Deployment Architecture

How to size and grow a Splunk deployment in a small shop?

Explorer

Hello,

I've been using Splunk for less than a year and I'm looking for real-world insight on how to size and grow a Splunk deployment. I've read the Splunk Capacity Planning manual and the admin guides but would like to hear from people who have done it.

My department has a Splunk Enterprise server on a small isolated LAN consisting of about 40 Windows clients with the Universal Forwarder. The server indexes about 4 GB a day. We get about 10 daily reports from it each morning. Other than that, I logon to it a few times a week and run a few searches. So it's lightly used in terms of search. It works fine.

We have another isolated LAN about 400 clients, 200 Windows and 200 Linux where we are going to deploy Splunk. We plan to purchase one server for it with:

  • 2 processors
  • 10 cores each
  • 32 GB of RAM
  • disks capable of meeting the 800 IOPS requirements.

I'm estimating the server will index about 20-40 GB a day. We will have about 10 daily reports emailed to us. Other than that, it will be lightly used for search by a few people.

If we do buy one server and find it's not sufficient, how do you recommend we add another server properly to handle the load? Do we cluster them or have separates servers, one for Windows and one for Linux? Actually, the Linux clients will send to a syslog server. Then the syslog server will send to Splunk. Still looking into how that works.

Again, I'd appreciate any recommendations.

Thanks in advance,

Greg

0 Karma
1 Solution

Splunk Employee
Splunk Employee

Hi Greg,
a server with reference specs (12/12/800) is able to index the amount of data you are processing with ease. Unless you are concerned about availability, I see no need for you to worry about scaling out from a data ingest perspective.
Your intended server has 20 cores, of which I am estimating you use maybe two or three cores max for indexing (if that). The remaining cores can be used for search, giving you about somewhere between 22 and 24 concurrent searches. Your described search workload does not come close to that either.

So, unless you are getting to a daily indexing volume of upwards of 200GB/day, you will be fine with the hardware you have in place.

Your approach of handling syslog data streams via a syslog server is best practice. Configure your syslog server to break out various sources into separate files/directories and monitor those directories using a universal forwarder. This allows you to assign meaningful sourcetypes to the syslog data sources and gives you the other benefits of using a forwarder.

Hope this helps!

View solution in original post

SplunkTrust
SplunkTrust

Hi Greg,

consider planning for a indexer cluster consisting of 2 indexers with a replication-factor of "2" and a search-factor of "2".
Use one server (not an indexer) for the role of one dedicated searchhead.
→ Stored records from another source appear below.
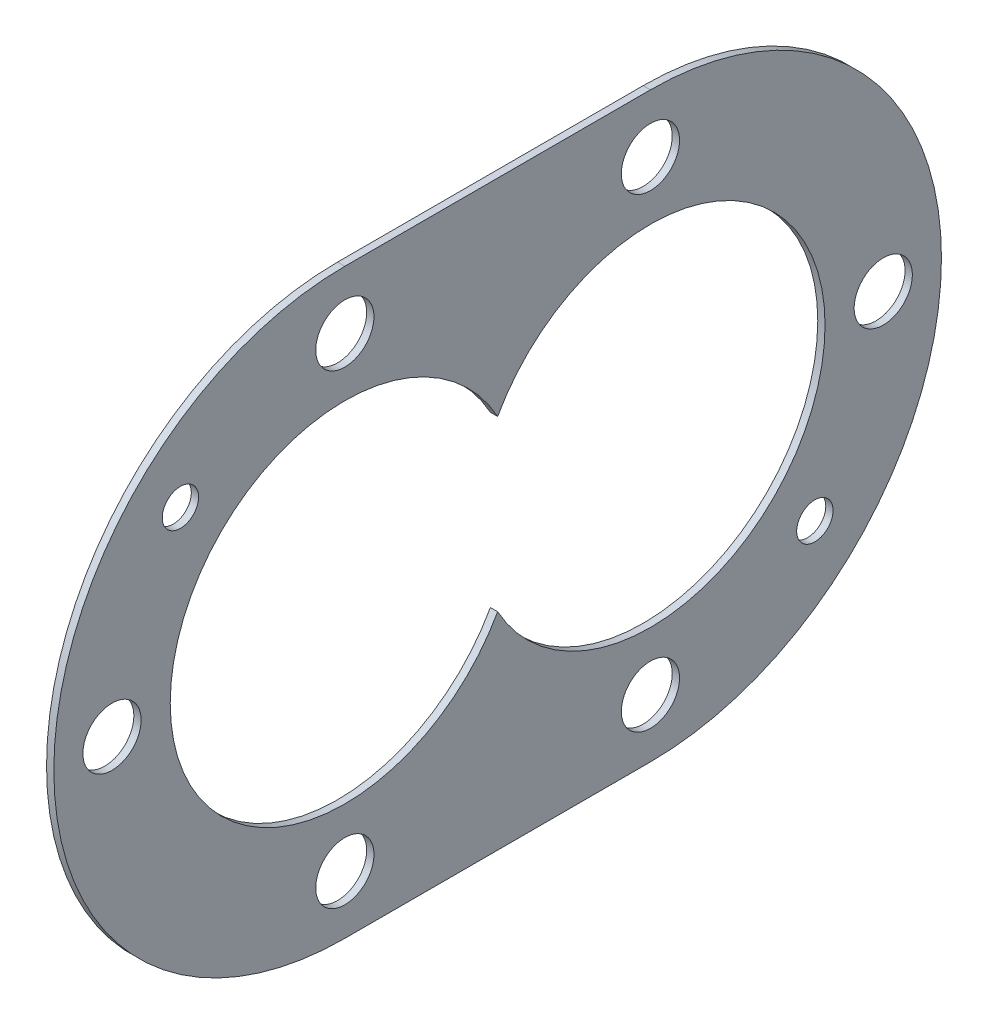
from build123d import *

# Parameters (mm, degrees)
F_01_GASKET_DEPTH  = 1
SKETCH_2_R         = 24
F_02_HOLE_UP_DEPTH = 3
SKETCH_3_R         = 24
F_03_HOLE_LO_DEPTH = 3
SKETCH_4_R         = 4
F_04_BOLT_0_DEPTH  = 3
SKETCH_5_R         = 4
F_04_BOLT_1_DEPTH  = 3
SKETCH_6_R         = 4
F_04_BOLT_2_DEPTH  = 3
SKETCH_7_R         = 4
F_04_BOLT_3_DEPTH  = 3
SKETCH_8_R         = 4
F_04_BOLT_4_DEPTH  = 3
SKETCH_9_R         = 4
F_04_BOLT_5_DEPTH  = 3
SKETCH_10_R        = 2.5
F_05_DOWEL_0_DEPTH = 3
SKETCH_11_R        = 2.5
F_05_DOWEL_1_DEPTH = 3


with BuildPart() as part:
    # 草图1 → 01_GASKET (new body)
    with BuildSketch(Plane(origin=(-31, 0, 0), x_dir=(0, 0, -1), z_dir=(1, 0, 0))):
        with BuildLine():
            Line((-104, -40), (-62, -40))
            ThreePointArc((-62, -40), (-22, 0), (-62, 40))
            Line((-62, 40), (-104, 40))
            ThreePointArc((-104, 40), (-144, 0), (-104, -40))
        make_face()
    extrude(amount=F_01_GASKET_DEPTH)

    # 草图2 → 02_HOLE_UP (cut)
    with BuildSketch(Plane(origin=(-32, 0, 0), x_dir=(0, 0, -1), z_dir=(1, 0, 0))):
        with Locations((-104, 0)):
            Circle(SKETCH_2_R)
    extrude(amount=F_02_HOLE_UP_DEPTH, mode=Mode.SUBTRACT)

    # 草图3 → 03_HOLE_LO (cut)
    with BuildSketch(Plane(origin=(-32, 0, 0), x_dir=(0, 0, -1), z_dir=(1, 0, 0))):
        with Locations((-62, 0)):
            Circle(SKETCH_3_R)
    extrude(amount=F_03_HOLE_LO_DEPTH, mode=Mode.SUBTRACT)

    # 草图4 → 04_BOLT_0 (cut)
    with BuildSketch(Plane(origin=(-32, 0, 0), x_dir=(0, 0, -1), z_dir=(1, 0, 0))):
        with Locations((-104, 32)):
            Circle(SKETCH_4_R)
    extrude(amount=F_04_BOLT_0_DEPTH, mode=Mode.SUBTRACT)

    # 草图5 → 04_BOLT_1 (cut)
    with BuildSketch(Plane(origin=(-32, 0, 0), x_dir=(0, 0, -1), z_dir=(1, 0, 0))):
        with Locations((-104, -32)):
            Circle(SKETCH_5_R)
    extrude(amount=F_04_BOLT_1_DEPTH, mode=Mode.SUBTRACT)

    # 草图6 → 04_BOLT_2 (cut)
    with BuildSketch(Plane(origin=(-32, 0, 0), x_dir=(0, 0, -1), z_dir=(1, 0, 0))):
        with Locations((-62, 32)):
            Circle(SKETCH_6_R)
    extrude(amount=F_04_BOLT_2_DEPTH, mode=Mode.SUBTRACT)

    # 草图7 → 04_BOLT_3 (cut)
    with BuildSketch(Plane(origin=(-32, 0, 0), x_dir=(0, 0, -1), z_dir=(1, 0, 0))):
        with Locations((-62, -32)):
            Circle(SKETCH_7_R)
    extrude(amount=F_04_BOLT_3_DEPTH, mode=Mode.SUBTRACT)

    # 草图8 → 04_BOLT_4 (cut)
    with BuildSketch(Plane(origin=(-32, 0, 0), x_dir=(0, 0, -1), z_dir=(1, 0, 0))):
        with Locations((-136, 0)):
            Circle(SKETCH_8_R)
    extrude(amount=F_04_BOLT_4_DEPTH, mode=Mode.SUBTRACT)

    # 草图9 → 04_BOLT_5 (cut)
    with BuildSketch(Plane(origin=(-32, 0, 0), x_dir=(0, 0, -1), z_dir=(1, 0, 0))):
        with Locations((-30, 0)):
            Circle(SKETCH_9_R)
    extrude(amount=F_04_BOLT_5_DEPTH, mode=Mode.SUBTRACT)

    # 草图10 → 05_DOWEL_0 (cut)
    with BuildSketch(Plane(origin=(-32, 0, 0), x_dir=(0, 0, -1), z_dir=(1, 0, 0))):
        with Locations((-126.6, 22.6)):
            Circle(SKETCH_10_R)
    extrude(amount=F_05_DOWEL_0_DEPTH, mode=Mode.SUBTRACT)

    # 草图11 → 05_DOWEL_1 (cut)
    with BuildSketch(Plane(origin=(-32, 0, 0), x_dir=(0, 0, -1), z_dir=(1, 0, 0))):
        with Locations((-39.4, -22.6)):
            Circle(SKETCH_11_R)
    extrude(amount=F_05_DOWEL_1_DEPTH, mode=Mode.SUBTRACT)


solid = part.part

You seem to not have a lot of searches running or users doing searches, so one searchhead should suffice.
In an indexer-cluster-deployment you also should consider using one node for "master" functionallity.

Indexer-Clusters have the advantage of data-redundancy, aswell as search-load balancing and the ability to scale your environment easily to your needs.

Your environment should look like the following:
One standalone Master Instance that manages the indexer-cluster.
Two Indexers, clustered with RF 2 and SF 2.
One standalone Search-Head that uses the distributed search functionality to search across your indexer-cluster.

Buy one server, install a hypervisor on it and host 4 VM's.
If you would aks me about my favorite OS for splunk servers I would prefer linux.

Hope this helps you any further.
If you have any further questions, don't hesitate to tell me.

Best regards,
pyro_wood

0 Karma

Explorer

Thanks for the reply. That is a good recommendation. I'm going to consider it. There are two obstacles--the budget for the server and my limited experience with Splunk, not to mention the challenge of setting up the multi-server environment with a deadline closing in on me.

0 Karma

Splunk Employee
Splunk Employee

Hi Greg,
a server with reference specs (12/12/800) is able to index the amount of data you are processing with ease. Unless you are concerned about availability, I see no need for you to worry about scaling out from a data ingest perspective.
Your intended server has 20 cores, of which I am estimating you use maybe two or three cores max for indexing (if that). The remaining cores can be used for search, giving you about somewhere between 22 and 24 concurrent searches. Your described search workload does not come close to that either.

So, unless you are getting to a daily indexing volume of upwards of 200GB/day, you will be fine with the hardware you have in place.

Your approach of handling syslog data streams via a syslog server is best practice. Configure your syslog server to break out various sources into separate files/directories and monitor those directories using a universal forwarder. This allows you to assign meaningful sourcetypes to the syslog data sources and gives you the other benefits of using a forwarder.

Hope this helps!

View solution in original post

Explorer

Thanks for the reply. I appreciate it. It's good to know that the server can handle the load.